Ballew v. Georgia

Decision Date21 March 1978
Docket NumberNo. 76-761,76-761
PartiesClaude D. BALLEW, Petitioner, v. State of GEORGIA
CourtU.S. Supreme Court
Syllabus

Petitioner, who was charged with committing a misdemeanor, was tried before a five-person jury pursuant to Georgia law, and convicted. Though a criminal trial by a six-person jury is permissible under Williams v. Florida, 399 U.S. 78, 90 S.Ct. 1893, 26 L.Ed.2d 446, petitioner maintains that a trial before a jury of less than six is unconstitutional, a contention that the Georgia courts rejected. Held: The judgment is reversed and the case is remanded. Pp. 229-245; 245; 245-246.

138 Ga.App. 530, 227 S.E.2d 65, reversed and remanded.

Mr. Justice BLACKMUN, joined by Mr. Justice STEVENS, concluded that a criminal trial to a jury of less than six persons substantially threatens Sixth and Fourteenth Amendment guarantees. Georgia has presented no persuasive argument to the contrary. Neither the financial benefit nor the more dubious time-saving benefit claimed is a factor of sufficient significance to offset the substantial threat to the constitutional guarantees that reducing the jury from six to five would create. Pp. 229-245.

Mr. Justice WHITE concluded that a jury of less than six would not satisfy the fair-cross-section requirement of the Sixth and Fourteenth Amendments. P. 245.

Mr. Justice POWELL, with whom The Chief Justice and Mr.

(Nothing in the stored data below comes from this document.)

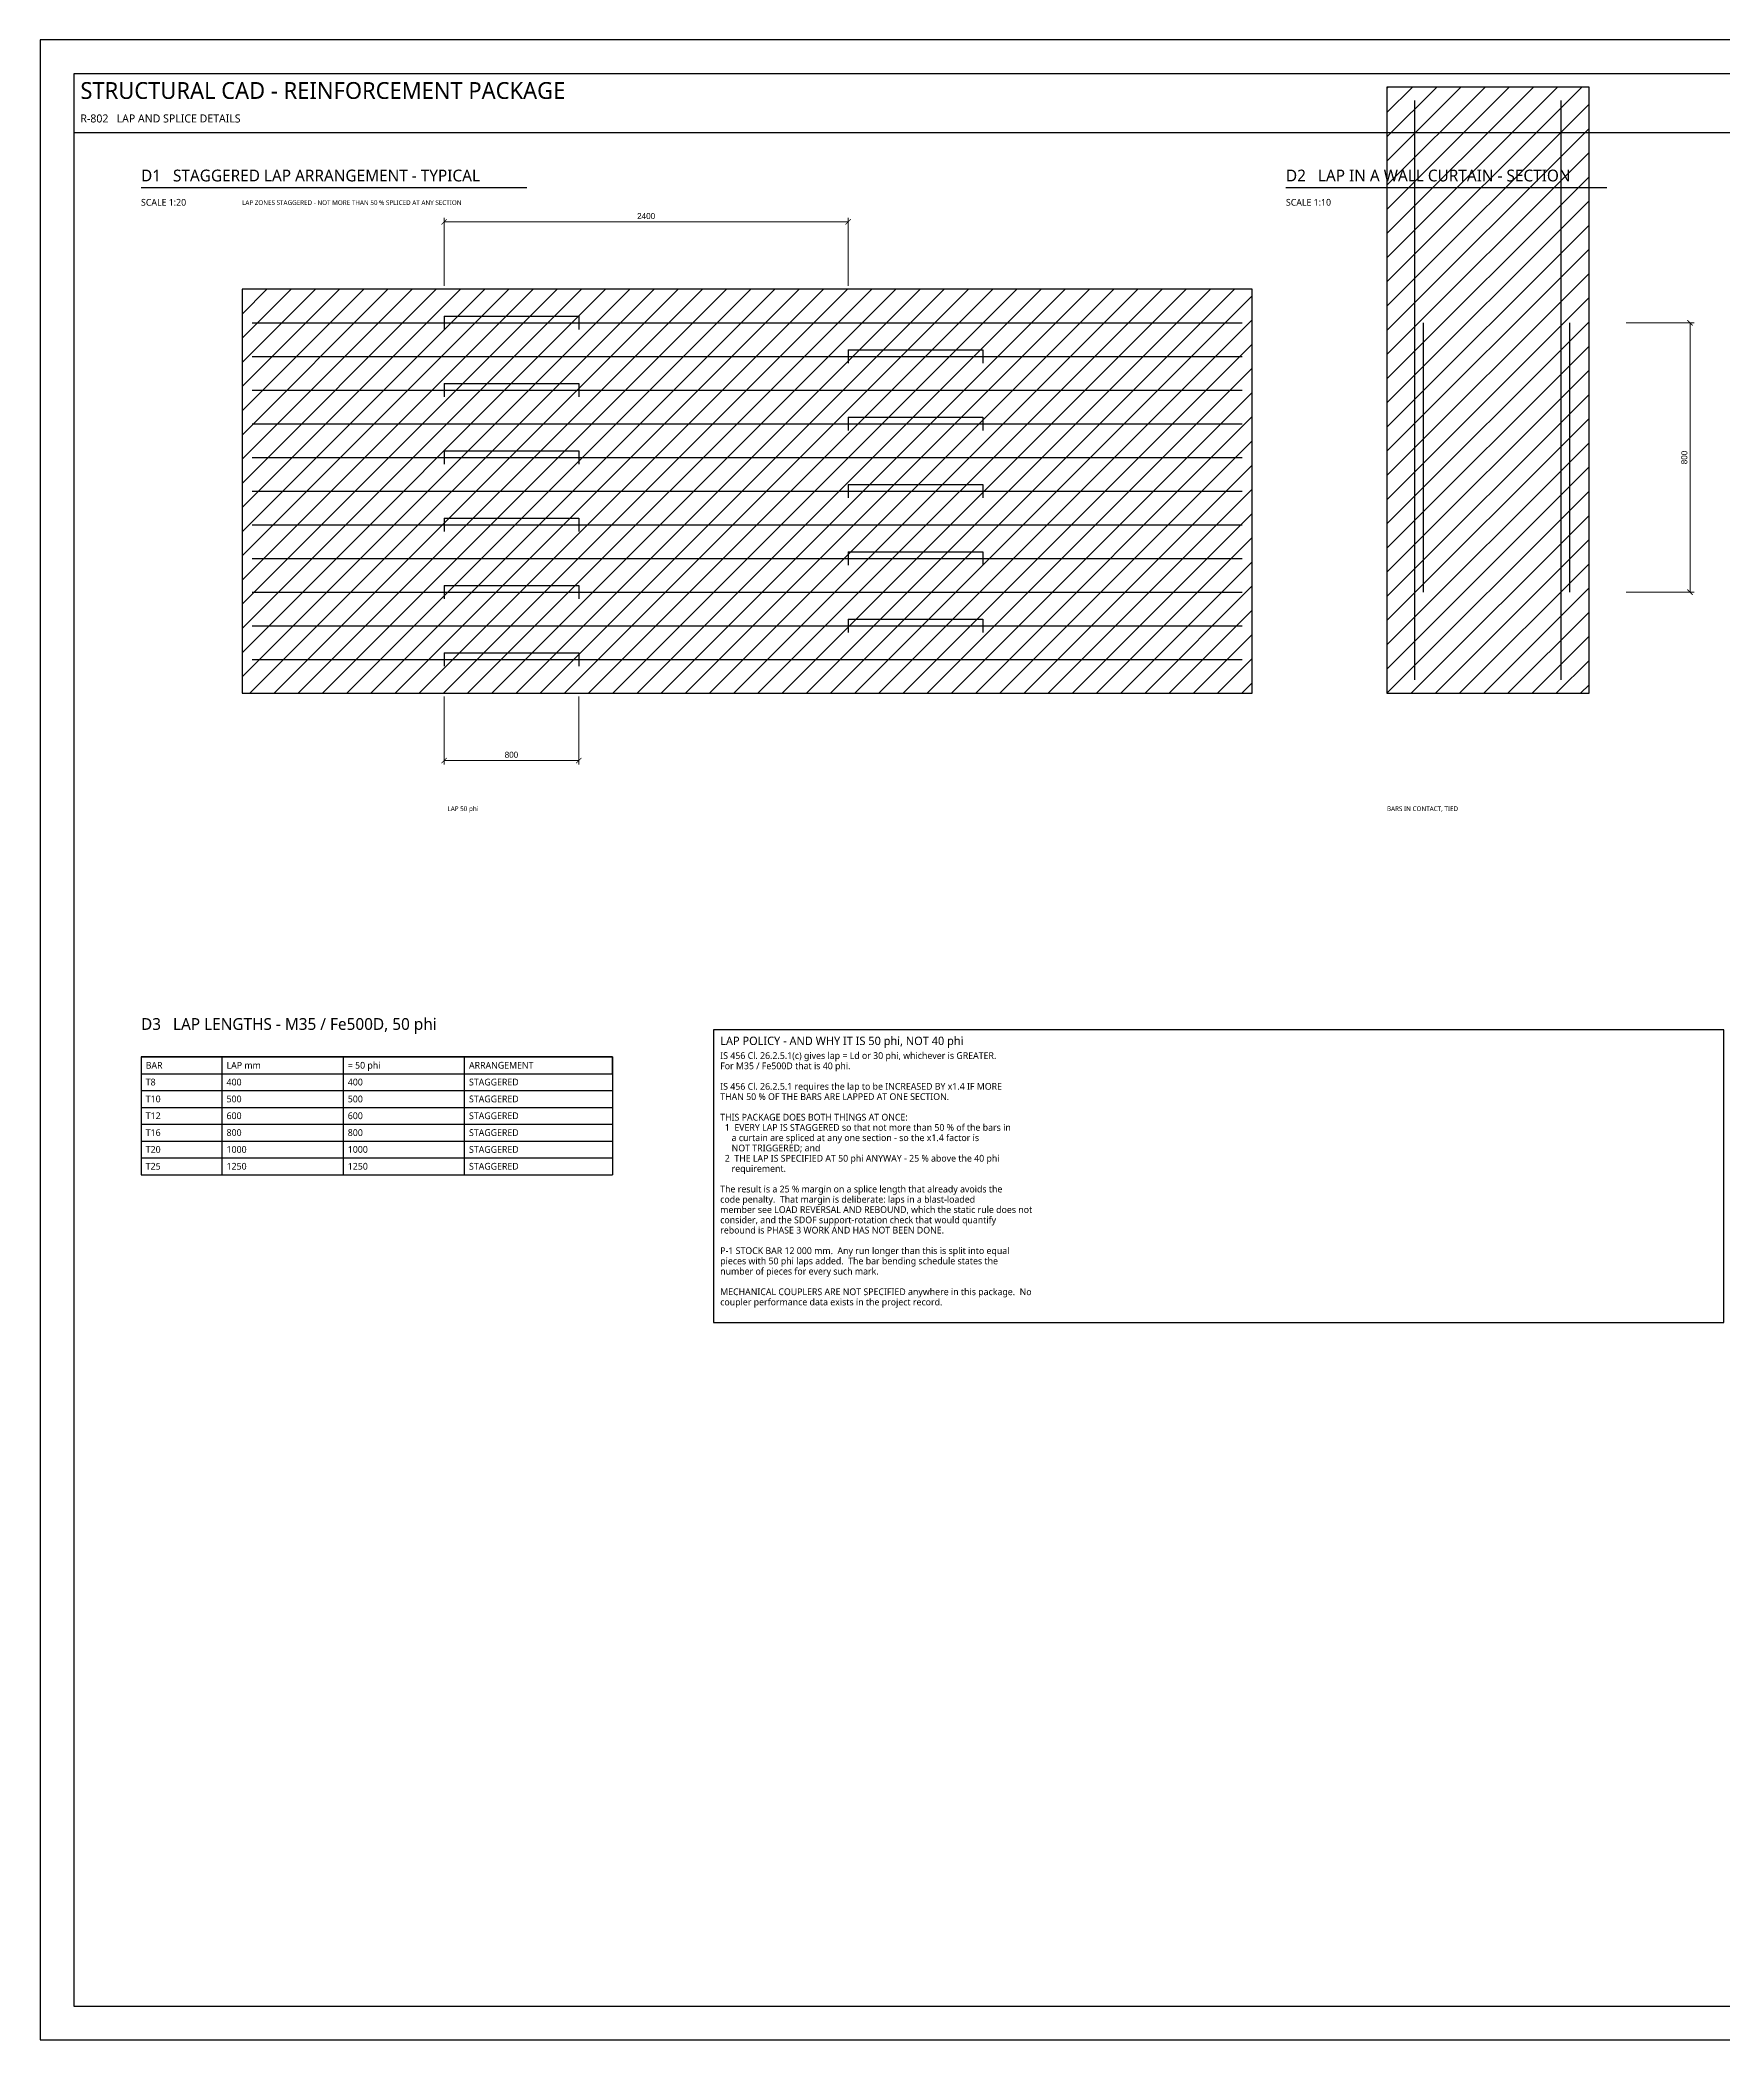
# Model space of a CAD drawing. Header units: millimetres. Extents: x 0 to 841, y 0 to 594.
# Drawn here: x 0 to 500, y 0 to 594 of the extents above; entities that cross this region are included whole.
import ezdxf

# ---------------------------------------------------------------- set-up
doc = ezdxf.new("R2010")
doc.units = ezdxf.units.MM
for name, color, linetype in [('S-BLAST', 1, 'Continuous'), ('S-CONCRETE', 7, 'Continuous'), ('S-DIM', 4, 'Continuous'), ('S-HATCH', 8, 'Continuous'), ('S-NOTE', 7, 'Continuous'), ('S-REBAR-MAIN', 1, 'Continuous'), ('S-REBAR-SEC', 4, 'Continuous'), ('S-TABLE', 7, 'Continuous'), ('S-TEXT', 7, 'Continuous'), ('S-TITLE', 7, 'Continuous')]:
    doc.layers.add(name, color=color, linetype=linetype)
doc.styles.add('OpenSans', font='OpenSans-Regular.ttf')
doc.dimstyles.new('SC-DIM', dxfattribs={"dimtxt": 1.8, "dimasz": 1.6, "dimexe": 1.2, "dimexo": 1, "dimgap": 0.8, "dimtad": 1, "dimdec": 0, "dimblk": 'ARCHTICK', "dimcen": 2.5, "dimclrd": 4, "dimclre": 4, "dimclrt": 4, "dimazin": 3, "dimtfac": 1, "dimtmove": 0, "dimatfit": 3, "dimlwd": 13, "dimlwe": 13})

# ---------------------------------------------------------------- blocks, each defined once
blk = doc.blocks.new('_ARCHTICK')
at = {"color": 0, "linetype": 'BYBLOCK', "const_width": 0.15}
blk.add_lwpolyline([(-0.5, -0.5), (0.5, 0.5)], dxfattribs=at)

msp = doc.modelspace()

# ---------------------------------------------------------------- hatches: boundary and pattern name
at = {"layer": 'S-HATCH'}
h = msp.add_hatch(dxfattribs=at)
h.set_pattern_fill('ANSI31', scale=1.6)
h.paths.add_polyline_path([(400, 400), (460, 400), (460, 580), (400, 580)])
h = msp.add_hatch(dxfattribs=at)
h.set_pattern_fill('ANSI31', scale=1.6)
h.paths.add_polyline_path([(60, 400), (360, 400), (360, 520), (60, 520)])

# ---------------------------------------------------------------- linework, layer by layer
at = {"layer": 'S-CONCRETE'}
for points in [[(400, 400), (460, 400), (460, 580), (400, 580)], [(60, 400), (360, 400), (360, 520), (60, 520)]]:
    msp.add_lwpolyline(points, close=True, dxfattribs=at)
at = {"layer": 'S-REBAR-MAIN'}
for p, q in [((408.3, 404), (408.3, 576)), ((451.7, 404), (451.7, 576)), ((63, 510), (357, 510)), ((63, 500), (357, 500)), ((63, 490), (357, 490)), ((63, 480), (357, 480)), ((63, 470), (357, 470)), ((63, 460), (357, 460)), ((63, 450), (357, 450)), ((63, 440), (357, 440)), ((63, 430), (357, 430)), ((63, 420), (357, 420)), ((63, 410), (357, 410))]:
    msp.add_line(p, q, dxfattribs=at)
at = {"layer": 'S-REBAR-SEC'}
for p, q in [((120, 512), (160, 512)), ((120, 512), (120, 508)), ((160, 512), (160, 508)), ((410.9, 430), (410.9, 510)), ((454.3, 430), (454.3, 510)), ((240, 502), (280, 502)), ((240, 502), (240, 498)), ((280, 502), (280, 498)), ((120, 492), (160, 492)), ((120, 492), (120, 488)), ((160, 492), (160, 488)), ((240, 482), (280, 482)), ((240, 482), (240, 478)), ((280, 482), (280, 478)), ((120, 472), (160, 472)), ((120, 472), (120, 468)), ((160, 472), (160, 468)), ((240, 462), (280, 462)), ((240, 462), (240, 458)), ((280, 462), (280, 458)), ((120, 452), (160, 452)), ((120, 452), (120, 448)), ((160, 452), (160, 448)), ((240, 442), (280, 442)), ((240, 442), (240, 438)), ((280, 442), (280, 438)), ((120, 432), (160, 432)), ((120, 432), (120, 428)), ((160, 432), (160, 428)), ((240, 422), (280, 422)), ((240, 422), (240, 418)), ((280, 422), (280, 418)), ((120, 412), (160, 412)), ((120, 412), (120, 408)), ((160, 412), (160, 408))]:
    msp.add_line(p, q, dxfattribs=at)
at = {"layer": 'S-TABLE'}
for p, q in [((30, 292), (170, 292)), ((30, 292), (30, 257)), ((54, 292), (54, 257)), ((90, 292), (90, 257)), ((126, 292), (126, 257)), ((170, 292), (170, 257)), ((30, 282), (170, 282)), ((30, 277), (170, 277)), ((30, 272), (170, 272)), ((30, 267), (170, 267)), ((30, 262), (170, 262)), ((30, 257), (170, 257))]:
    msp.add_line(p, q, dxfattribs=at)
msp.add_lwpolyline([(30, 287), (170, 287), (170, 292), (30, 292)], close=True, dxfattribs=at)
at = {"layer": 'S-TITLE'}
for p, q in [((10, 566.5), (831, 566.5)), ((30, 550.2), (144.6, 550.2)), ((370, 550.2), (465.325, 550.2))]:
    msp.add_line(p, q, dxfattribs=at)
for points in [[(0, 0), (841, 0), (841, 594), (0, 594)], [(10, 10), (831, 10), (831, 584), (10, 584)], [(200, 213.125), (500, 213.125), (500, 300), (200, 300)]]:
    msp.add_lwpolyline(points, close=True, dxfattribs=at)

# ---------------------------------------------------------------- texts
at = {"layer": 'S-BLAST', "style": 'OpenSans'}
msp.add_text('LAP ZONES STAGGERED - NOT MORE THAN 50 % SPLICED AT ANY SECTION', height=1.4, dxfattribs=at).set_placement((60, 545))
at = {"layer": 'S-NOTE', "style": 'OpenSans'}
for s, p in [('IS 456 Cl. 26.2.5.1(c) gives lap = Ld or 30 phi, whichever is GREATER.', (202, 291.375)), ('For M35 / Fe500D that is 40 phi.', (202, 288.325)), ('THAN 50 % OF THE BARS ARE LAPPED AT ONE SECTION.', (202, 279.175)), ('IS 456 Cl. 26.2.5.1 requires the lap to be INCREASED BY x1.4 IF MORE', (202, 282.225)), ('THIS PACKAGE DOES BOTH THINGS AT ONCE:', (202, 273.075)), ('  1  EVERY LAP IS STAGGERED so that not more than 50 % of the bars in', (202, 270.025)), ('     a curtain are spliced at any one section - so the x1.4 factor is', (202, 266.975)), ('  2  THE LAP IS SPECIFIED AT 50 phi ANYWAY - 25 % above the 40 phi', (202, 260.875)), ('     NOT TRIGGERED; and', (202, 263.925)), ('     requirement.', (202, 257.825)), ('The result is a 25 % margin on a splice length that already avoids the', (202, 251.725)), ('code penalty.  That margin is deliberate: laps in a blast-loaded', (202, 248.675)), ('consider, and the SDOF support-rotation check that would quantify', (202, 242.575)), ('member see LOAD REVERSAL AND REBOUND, which the static rule does not', (202, 245.625)), ('rebound is PHASE 3 WORK AND HAS NOT BEEN DONE.', (202, 239.525)), ('pieces with 50 phi laps added.  The bar bending schedule states the', (202, 230.375)), ('P-1 STOCK BAR 12 000 mm.  Any run longer than this is split into equal', (202, 233.425)), ('number of pieces for every such mark.', (202, 227.325)), ('coupler performance data exists in the project record.', (202, 218.175)), ('MECHANICAL COUPLERS ARE NOT SPECIFIED anywhere in this package.  No', (202, 221.225))]:
    msp.add_text(s, height=2, dxfattribs=at).set_placement(p)
at = {"layer": 'S-TABLE', "style": 'OpenSans'}
for s, p in [('T8', (31.4, 283.5)), ('BAR', (31.4, 288.5)), ('400', (55.4, 283.5)), ('LAP mm', (55.4, 288.5)), ('400', (91.4, 283.5)), ('= 50 phi', (91.4, 288.5)), ('ARRANGEMENT', (127.4, 288.5)), ('STAGGERED', (127.4, 283.5)), ('T10', (31.4, 278.5)), ('500', (55.4, 278.5)), ('500', (91.4, 278.5)), ('STAGGERED', (127.4, 278.5)), ('T12', (31.4, 273.5)), ('600', (55.4, 273.5)), ('600', (91.4, 273.5)), ('STAGGERED', (127.4, 273.5)), ('T16', (31.4, 268.5)), ('800', (55.4, 268.5)), ('800', (91.4, 268.5)), ('STAGGERED', (127.4, 268.5)), ('T20', (31.4, 263.5)), ('1000', (55.4, 263.5)), ('1000', (91.4, 263.5)), ('STAGGERED', (127.4, 263.5)), ('T25', (31.4, 258.5)), ('1250', (55.4, 258.5)), ('1250', (91.4, 258.5)), ('STAGGERED', (127.4, 258.5))]:
    msp.add_text(s, height=2, dxfattribs=at).set_placement(p)
at = {"layer": 'S-TEXT', "style": 'OpenSans'}
for s, height, p in [('SCALE 1:20', 2, (30, 544.8)), ('SCALE 1:10', 2, (370, 544.8)), ('LAP 50 phi', 1.4, (121, 365)), ('BARS IN CONTACT, TIED', 1.4, (400, 365))]:
    msp.add_text(s, height=height, dxfattribs=at).set_placement(p)
at = {"layer": 'S-TITLE', "style": 'OpenSans'}
for s, height, p in [('STRUCTURAL CAD - REINFORCEMENT PACKAGE', 5, (12, 576.5)), ('R-802   LAP AND SPLICE DETAILS', 2.4, (12, 569.5)), ('D1   STAGGERED LAP ARRANGEMENT - TYPICAL', 3.5, (30, 552)), ('D2   LAP IN A WALL CURTAIN - SECTION', 3.5, (370, 552)), ('D3   LAP LENGTHS - M35 / Fe500D, 50 phi', 3.5, (30, 300)), ('LAP POLICY - AND WHY IT IS 50 phi, NOT 40 phi', 2.5, (202, 295.5))]:
    msp.add_text(s, height=height, dxfattribs=at).set_placement(p)

# ---------------------------------------------------------------- dimensions: what is measured, and where the dimension line sits
at = {"layer": 'S-DIM'}
for base, p1, p2 in [((120, 540), (120, 520), (240, 520)), ((120, 380), (120, 400), (160, 400))]:
    msp.add_linear_dim(base=base, p1=p1, p2=p2, dimstyle='SC-DIM', override={"dimlfac": 20}, dxfattribs=at).render()
msp.add_linear_dim(base=(490, 430), p1=(470, 430), p2=(470, 510), angle=90, dimstyle='SC-DIM', override={"dimlfac": 10}, dxfattribs=at).render()

doc.saveas('drawing.dxf')

Justice REHNQUIST joined, concluded that, though the line between five- and six-member juries is difficult to justify, a line has to be drawn somewhere if the substance of jury trial in criminal cases is to be preserved. P. 245-246.

Michael Clutter, Atlanta, Ga., for petitioner, pro hac vice by special leave of Court.

Leonard W. Rhodes, Atlanta, Ga., for respondent.

Mr. Justice BLACKMUN announced the judgment of the Court and delivered an opinion in which Mr. Justice STEVENS joined.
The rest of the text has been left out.